Whipping the dirty spoon at Grendt, Brona hobbled and plunked the bucket down beside the sink and opened one of the many shelves under the countertop to dump her new gifts into a compartment already teeming with spoons. She proceeded to turn on the stove and boil some water. She gathered the remaining flakes of dry porridge from a linen bag into a measuring cup to start breakfast. Wiping the spoon against her slip, Grendt broke the uncomfortable silence by announcing the latest news from the only paper in Late Sun: The Daily Black and White.
"Your friend Callum is doing well in the town polls…Looks like he’ll win his re-election as Head Informed… Not like there’s much to be informed about here though," said Grendt with her worldly perspective. “He’s more of the ‘keep-everyone’s-shit-together’ organizer than the man who’s gonna find the source of the Tasker.”
“Yesterday.” Brona hissed, ignoring Grendt’s attempt at conversation. “Yesterday night, you weren’t home like you said you’d be.” Grendt pulled her eyes from the paper, looking around the kitchen, focusing on the eerie patches of mold on the walls and ceiling that had appeared overnight. “I didn’t have enough hands to help me, I ran out of ingredients while I was doing it, and the whole thing exploded and set some kind of curse on the house! Or it actually is mold! I’m too scared to touch it!” spat Brona.
“I can see that Distortion didn’t go as planned. You probably mixed the ingredients too quickly again. Impatience is not a quality I like to see in my Durnann –but it’s not like I have a choice in my disciple, do I?” she scoffed, her dark smirk creasing the lines around her mouth. "We can’t all catch on as fast as I did."

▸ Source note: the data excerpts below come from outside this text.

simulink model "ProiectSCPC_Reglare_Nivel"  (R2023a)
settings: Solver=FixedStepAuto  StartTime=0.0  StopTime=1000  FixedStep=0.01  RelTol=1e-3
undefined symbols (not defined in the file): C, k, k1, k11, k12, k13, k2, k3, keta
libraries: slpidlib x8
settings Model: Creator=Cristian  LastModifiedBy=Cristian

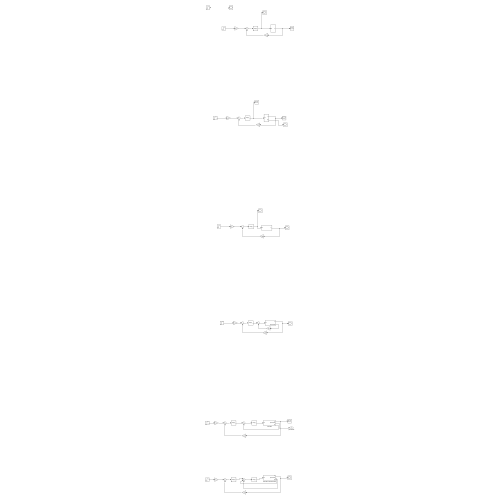
[thumbnail: Simulink's stored preview of the top-level diagram]
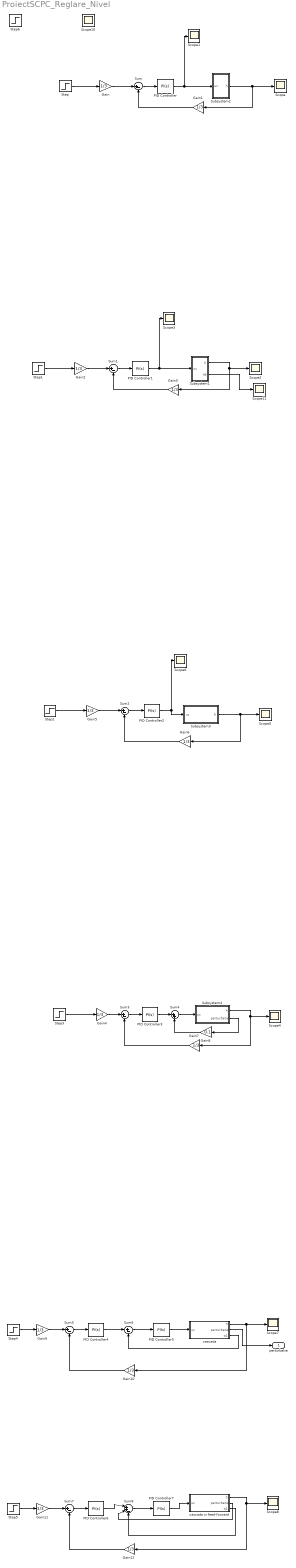
== system ProiectSCPC_Reglare_Nivel ==
  Gain{,1..7,9..12} (12 alike) : Gain  Gain=1/3
  Gain8 : Gain  Gain=0.1
  PID Controller{,1..3} (4 alike) : slpidlib/PID Controller  Controller=PI  Form=Parallel  TimeDomain=Continuous-time  UseExternalTs=off  SampleTime=-1  IntegratorMethod=Forward Euler  FilterMethod=Forward Euler  ControllerParametersSource=internal  P=2.395  I=2.395/160  UseKiTs=off  D=0  N=100  UseFilter=on  TunerSelectOption=Transfer Function Based (PID Tuner App)  InitialConditionSource=internal  InitialConditionForIntegrator=5  InitialConditionForFilter=0  DifferentiatorICPrevScaledInput=0  ExternalReset=none  TrackingMode=off  Kt=1  LimitOutput=off  SatLimitsSource=internal  UpperSaturationLimit=inf  LowerSaturationLimit=-inf  LinearizeAsGain=on  AntiWindupMode=none  Kb=1  LimitIntegrator=off  UpperIntegratorSaturationLimit=inf  LowerIntegratorSaturationLimit=-inf  POutMin=[]  POutMax=[]  IOutMin=[]  IOutMax=[]  DOutMin=[]  DOutMax=[]  NOutMin=[]  NOutMax=[]  SumOutMin=[]  SumOutMax=[]  SaturationOutMin=[]  SaturationOutMax=[]  PParamMin=[]  PParamMax=[]  IParamMin=[]  IParamMax=[]  DParamMin=[]  DParamMax=[]  NParamMin=[]  NParamMax=[]  KbParamMin=[]  KbParamMax=[]  KtParamMin=[]  KtParamMax=[]  KbOutMin=[]  KbOutMax=[]  KtOutMin=[]  KtOutMax=[]  IntegratorOutMin=[]  IntegratorOutMax=[]  FilterOutMin=[]  FilterOutMax=[]  SumI1OutMin=[]  SumI1OutMax=[]  SumI2OutMin=[]  SumI2OutMax=[]  SumI3OutMin=[]  SumI3OutMax=[]  SumI4OutMin=[]  SumI4OutMax=[]  SumDOutMin=[]  SumDOutMax=[]  DifferentiatorOutMin=[]  DifferentiatorOutMax=[]  FilterDiffOutCoefMin=[]  FilterDiffOutCoefMax=[]  ReciprocalOutMin=[]  ReciprocalOutMax=[]  SumDenOutMin=[]  SumDenOutMax=[]  SumNumOutMin=[]  SumNumOutMax=[]  DivideOutMin=[]  DivideOutMax=[]  UdiffTsProdOutMin=[]  UdiffTsProdOutMax=[]  NTsProdOutMin=[]  NTsProdOutMax=[]  UintegralTsProdOutMin=[]  UintegralTsProdOutMax=[]  UngainTsProdOutMin=[]  UngainTsProdOutMax=[]  ClampingZeroOutDataTypeStr=Inherit: Inherit via back propagation  ClampingZeroOutMin=[]  ClampingZeroOutMax=[]  FilterDenConstantOutDataTypeStr=Inherit: Inherit via back propagation  FilterDenConstantOutMin=[]  FilterDenConstantOutMax=[]  PCopyOutDataTypeStr=Inherit: Inherit via back propagation  PCopyOutMin=[]  PCopyOutMax=[]  NCopyOutDataTypeStr=Inherit: Inherit via back propagation  NCopyOutMin=[]  NCopyOutMax=[]  IntegratorContinuousStateAttributes=''  IntegratorStateMustResolveToSignalObject=off  IntegratorRTWStateStorageClass=Auto  FilterContinuousStateAttributes=''  FilterStateMustResolveToSignalObject=off  FilterRTWStateStorageClass=Auto  ParallelPVariant=InternalParameters  IdealPVariant=Disabled  IVariant=InternalParameters  DVariant=Disabled  IntegratorVariant=Continuous  SatVariant=Disabled  AWVariant=Passthrough  PCopyVariant=Disabled  TRVariant=Disabled  FdbkBlocksVariant=Forward  IdealPFdbkVariant=Disabled  SatFdbkVariant=Disabled  DerivativeFilterVariant=Disabled  NVariant=Disabled  NCopyVariant=Disabled_SignalSpec  FilterICVariant=Disabled  IntegratorICVariant=InternalICs  ExternalResetVariant=Disabled  TRSumVariant=Passthrough  SumFdbkVariant=Disabled  SumVariant=Sum_PI  TsampFilterVariant=InternalTs  TsampNgainVariant=Passthrough  TsampIntegralVariant=Disabled_SignalSpec  ExternalSaturationOutDataTypeStr=Inherit: Same as second input
  PID Controller4 : slpidlib/PID Controller  Controller=PI  Form=Parallel  TimeDomain=Continuous-time  UseExternalTs=off  SampleTime=-1  IntegratorMethod=Forward Euler  FilterMethod=Forward Euler  ControllerParametersSource=internal  P=39  I=0.16  UseKiTs=off  D=0  N=100  UseFilter=on  TunerSelectOption=Transfer Function Based (PID Tuner App)  InitialConditionSource=internal  InitialConditionForIntegrator=29.2  InitialConditionForFilter=0  DifferentiatorICPrevScaledInput=0  ExternalReset=none  TrackingMode=off  Kt=1  LimitOutput=off  SatLimitsSource=internal  UpperSaturationLimit=inf  LowerSaturationLimit=-inf  LinearizeAsGain=on  AntiWindupMode=none  Kb=1  LimitIntegrator=off  UpperIntegratorSaturationLimit=inf  LowerIntegratorSaturationLimit=-inf  POutMin=[]  POutMax=[]  IOutMin=[]  IOutMax=[]  DOutMin=[]  DOutMax=[]  NOutMin=[]  NOutMax=[]  SumOutMin=[]  SumOutMax=[]  SaturationOutMin=[]  SaturationOutMax=[]  PParamMin=[]  PParamMax=[]  IParamMin=[]  IParamMax=[]  DParamMin=[]  DParamMax=[]  NParamMin=[]  NParamMax=[]  KbParamMin=[]  KbParamMax=[]  KtParamMin=[]  KtParamMax=[]  KbOutMin=[]  KbOutMax=[]  KtOutMin=[]  KtOutMax=[]  IntegratorOutMin=[]  IntegratorOutMax=[]  FilterOutMin=[]  FilterOutMax=[]  SumI1OutMin=[]  SumI1OutMax=[]  SumI2OutMin=[]  SumI2OutMax=[]  SumI3OutMin=[]  SumI3OutMax=[]  SumI4OutMin=[]  SumI4OutMax=[]  SumDOutMin=[]  SumDOutMax=[]  DifferentiatorOutMin=[]  DifferentiatorOutMax=[]  FilterDiffOutCoefMin=[]  FilterDiffOutCoefMax=[]  ReciprocalOutMin=[]  ReciprocalOutMax=[]  SumDenOutMin=[]  SumDenOutMax=[]  SumNumOutMin=[]  SumNumOutMax=[]  DivideOutMin=[]  DivideOutMax=[]  UdiffTsProdOutMin=[]  UdiffTsProdOutMax=[]  NTsProdOutMin=[]  NTsProdOutMax=[]  UintegralTsProdOutMin=[]  UintegralTsProdOutMax=[]  UngainTsProdOutMin=[]  UngainTsProdOutMax=[]  ClampingZeroOutDataTypeStr=Inherit: Inherit via back propagation  ClampingZeroOutMin=[]  ClampingZeroOutMax=[]  FilterDenConstantOutDataTypeStr=Inherit: Inherit via back propagation  FilterDenConstantOutMin=[]  FilterDenConstantOutMax=[]  PCopyOutDataTypeStr=Inherit: Inherit via back propagation  PCopyOutMin=[]  PCopyOutMax=[]  NCopyOutDataTypeStr=Inherit: Inherit via back propagation  NCopyOutMin=[]  NCopyOutMax=[]  IntegratorContinuousStateAttributes=''  IntegratorStateMustResolveToSignalObject=off  IntegratorRTWStateStorageClass=Auto  FilterContinuousStateAttributes=''  FilterStateMustResolveToSignalObject=off  FilterRTWStateStorageClass=Auto  ParallelPVariant=InternalParameters  IdealPVariant=Disabled  IVariant=InternalParameters  DVariant=Disabled  IntegratorVariant=Continuous  SatVariant=Disabled  AWVariant=Passthrough  PCopyVariant=Disabled  TRVariant=Disabled  FdbkBlocksVariant=Forward  IdealPFdbkVariant=Disabled  SatFdbkVariant=Disabled  DerivativeFilterVariant=Disabled  NVariant=Disabled  NCopyVariant=Disabled_SignalSpec  FilterICVariant=Disabled  IntegratorICVariant=InternalICs  ExternalResetVariant=Disabled  TRSumVariant=Passthrough  SumFdbkVariant=Disabled  SumVariant=Sum_PI  TsampFilterVariant=InternalTs  TsampNgainVariant=Passthrough  TsampIntegralVariant=Disabled_SignalSpec  ExternalSaturationOutDataTypeStr=Inherit: Same as second input
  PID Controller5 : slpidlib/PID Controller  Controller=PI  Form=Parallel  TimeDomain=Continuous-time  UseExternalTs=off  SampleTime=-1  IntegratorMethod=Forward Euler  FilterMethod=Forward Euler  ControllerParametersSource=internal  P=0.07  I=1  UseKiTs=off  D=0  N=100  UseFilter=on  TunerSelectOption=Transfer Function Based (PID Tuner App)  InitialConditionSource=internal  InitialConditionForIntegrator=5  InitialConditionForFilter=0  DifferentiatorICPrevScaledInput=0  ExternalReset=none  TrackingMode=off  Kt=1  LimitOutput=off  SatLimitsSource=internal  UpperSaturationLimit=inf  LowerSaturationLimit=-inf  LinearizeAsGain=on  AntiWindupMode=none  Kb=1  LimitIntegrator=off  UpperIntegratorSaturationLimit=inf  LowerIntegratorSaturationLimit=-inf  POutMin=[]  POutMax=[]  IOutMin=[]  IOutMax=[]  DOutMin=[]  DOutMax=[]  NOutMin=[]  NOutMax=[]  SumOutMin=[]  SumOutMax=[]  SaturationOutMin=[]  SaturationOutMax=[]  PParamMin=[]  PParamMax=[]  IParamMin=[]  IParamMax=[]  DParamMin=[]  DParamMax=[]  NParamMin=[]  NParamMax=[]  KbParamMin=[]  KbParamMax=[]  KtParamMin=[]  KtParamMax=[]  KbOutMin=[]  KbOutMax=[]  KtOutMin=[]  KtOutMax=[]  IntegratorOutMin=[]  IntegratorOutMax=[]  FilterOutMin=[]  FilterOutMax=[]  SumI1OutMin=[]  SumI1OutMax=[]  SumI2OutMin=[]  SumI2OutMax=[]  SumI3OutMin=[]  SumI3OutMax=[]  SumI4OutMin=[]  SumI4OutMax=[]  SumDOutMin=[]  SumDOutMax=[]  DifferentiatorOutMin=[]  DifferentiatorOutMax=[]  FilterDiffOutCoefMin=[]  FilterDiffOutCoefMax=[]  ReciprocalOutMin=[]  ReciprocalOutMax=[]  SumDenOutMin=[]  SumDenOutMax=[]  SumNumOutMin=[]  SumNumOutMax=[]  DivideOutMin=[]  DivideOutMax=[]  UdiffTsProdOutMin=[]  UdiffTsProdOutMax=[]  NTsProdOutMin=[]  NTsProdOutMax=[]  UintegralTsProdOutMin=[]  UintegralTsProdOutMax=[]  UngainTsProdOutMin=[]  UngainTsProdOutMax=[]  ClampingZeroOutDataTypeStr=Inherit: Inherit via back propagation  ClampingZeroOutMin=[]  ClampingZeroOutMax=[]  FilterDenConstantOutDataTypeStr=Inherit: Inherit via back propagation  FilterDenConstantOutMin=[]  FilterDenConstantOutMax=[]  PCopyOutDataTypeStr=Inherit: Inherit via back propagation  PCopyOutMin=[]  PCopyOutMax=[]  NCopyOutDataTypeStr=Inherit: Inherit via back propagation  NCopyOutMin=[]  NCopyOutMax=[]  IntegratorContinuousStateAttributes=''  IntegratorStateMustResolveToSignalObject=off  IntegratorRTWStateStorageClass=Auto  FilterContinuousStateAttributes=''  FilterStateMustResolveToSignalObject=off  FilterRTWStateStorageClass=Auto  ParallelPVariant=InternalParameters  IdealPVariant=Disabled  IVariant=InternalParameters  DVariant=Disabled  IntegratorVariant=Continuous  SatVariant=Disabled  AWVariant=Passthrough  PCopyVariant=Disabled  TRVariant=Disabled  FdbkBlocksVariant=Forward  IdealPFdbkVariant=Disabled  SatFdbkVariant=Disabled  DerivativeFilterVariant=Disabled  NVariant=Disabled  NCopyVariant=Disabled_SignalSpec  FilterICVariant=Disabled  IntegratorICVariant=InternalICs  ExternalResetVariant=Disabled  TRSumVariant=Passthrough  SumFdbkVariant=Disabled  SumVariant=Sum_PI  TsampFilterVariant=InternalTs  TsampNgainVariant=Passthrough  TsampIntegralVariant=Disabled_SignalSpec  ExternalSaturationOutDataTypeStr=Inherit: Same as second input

Although Grendt’s haughtiness was irritating, it wasn’t completely unfounded. For thousands of years, Grendt had served as council and chief Distorter to a prosperous patriarchal kingdom, where she developed efficient salvaging Distortions, so that resources could be filtered and reused (such as metals and cementing stones), produced goods which enhanced the less Ouroborically skilled people, as well as designed barriers and protections which protected the kingdom from invasion. She was so impressive, that part of the standardized school curriculum included a section on her work and her influence in history.
Brona whipped a rigid hand to her mouth and bit the first finger. Grendt cocked a brow at the rude gesture, but smiled in response nonetheless. It was true that it was because of Brona’s impatience that her Distortion, which was supposed to be a stain-erasing chutney, discoloured the walls with tufts of very much visible mold, but she was angry that Grendt had gone back on her word again, leaving Brona to figure out Ouroborics on her own. And how was it possible that Grendt managed to leave her? She was a Blood Projection.
Long legs straightened as Grendt set the paper down and hopped of the table. She walked towards a wicker basket below a slit in the wall containing letters. One was iconically from Brona's uncle, a bright red envelope from a letterset he’d been given decades ago. He probably sent a letter just to let her know of his whereabouts, which was routine of him to write Brona. His letters were always brief; location, reason for being there, and next destination. Brona loved her uncle, but his straightforwardness was a bore to read. She thought it would just be easier for the both of them if he’d just send the envelope to indicate he was still alive. There was one other letter in the basket, lying flat at the bottom, which was equally iconic: Black with silver letters on the cover reading 'Brona', with no return address, nor stamp.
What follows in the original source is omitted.